And the moderation is not helpful in migrating your question to the other
forum either.

One analogy might be if the US were split into 50 states with their own,
strict, immigration policies.

------
coryfklein
It's easy to nitpick and find fault with Stack Overflow, but it is hard to
argue with the results. The site has done something amazing: it has harnessed
the wild democracy that is the internet and produced something of great and
lasting value to a lot of people.

It didn't do that by being a wild-west open-to-anything community. If that's
what you want, go to Reddit. But you'll be hard pressed to find quality
content that goes beyond "16 Animal Memes That Speed Up Your PHP And Improve
Your Sex Life". It's the structure that allows Stack Overflow to succeed.

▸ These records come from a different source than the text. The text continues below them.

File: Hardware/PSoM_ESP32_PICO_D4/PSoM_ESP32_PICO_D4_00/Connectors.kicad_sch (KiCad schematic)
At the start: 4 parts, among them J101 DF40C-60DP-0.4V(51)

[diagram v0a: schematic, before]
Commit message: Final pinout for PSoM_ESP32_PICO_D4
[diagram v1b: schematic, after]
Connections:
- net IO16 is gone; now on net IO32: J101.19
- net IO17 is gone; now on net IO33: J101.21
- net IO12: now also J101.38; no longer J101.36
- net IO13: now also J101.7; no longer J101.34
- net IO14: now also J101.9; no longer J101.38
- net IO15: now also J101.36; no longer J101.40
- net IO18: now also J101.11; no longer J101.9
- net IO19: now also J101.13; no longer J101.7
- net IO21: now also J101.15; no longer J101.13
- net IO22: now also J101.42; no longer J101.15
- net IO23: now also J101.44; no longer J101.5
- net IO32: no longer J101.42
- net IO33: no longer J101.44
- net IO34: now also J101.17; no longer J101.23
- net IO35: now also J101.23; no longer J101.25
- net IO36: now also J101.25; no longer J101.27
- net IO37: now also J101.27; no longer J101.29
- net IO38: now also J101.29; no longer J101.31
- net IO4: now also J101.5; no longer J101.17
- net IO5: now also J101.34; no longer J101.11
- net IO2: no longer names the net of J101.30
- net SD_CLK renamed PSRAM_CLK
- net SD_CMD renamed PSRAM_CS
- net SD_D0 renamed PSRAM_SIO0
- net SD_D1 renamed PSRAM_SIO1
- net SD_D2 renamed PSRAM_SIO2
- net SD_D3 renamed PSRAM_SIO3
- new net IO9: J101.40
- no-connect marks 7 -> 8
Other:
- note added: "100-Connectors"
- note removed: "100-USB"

Cut the string from the kite and it doesn't fly up to the clouds, it comes
streaking down to the ground.

------
pavlik_enemy
For me the biggest problem with SO is that it's hard to get answers to
advanced questions in some areas. Not a lot of people could answer the
question in the first place, because it's about some obscure and rarely
encountered problem, and these experts are constantly spammed with basic
questions from inexperienced programmers. Though it depends on the area you're
interested in - I've got almost no answers to advanced Rails-related questions
and got pretty good responses to Scala-related stuff I'm interested in (but
maybe it's because Scala questions were about more basic stuff)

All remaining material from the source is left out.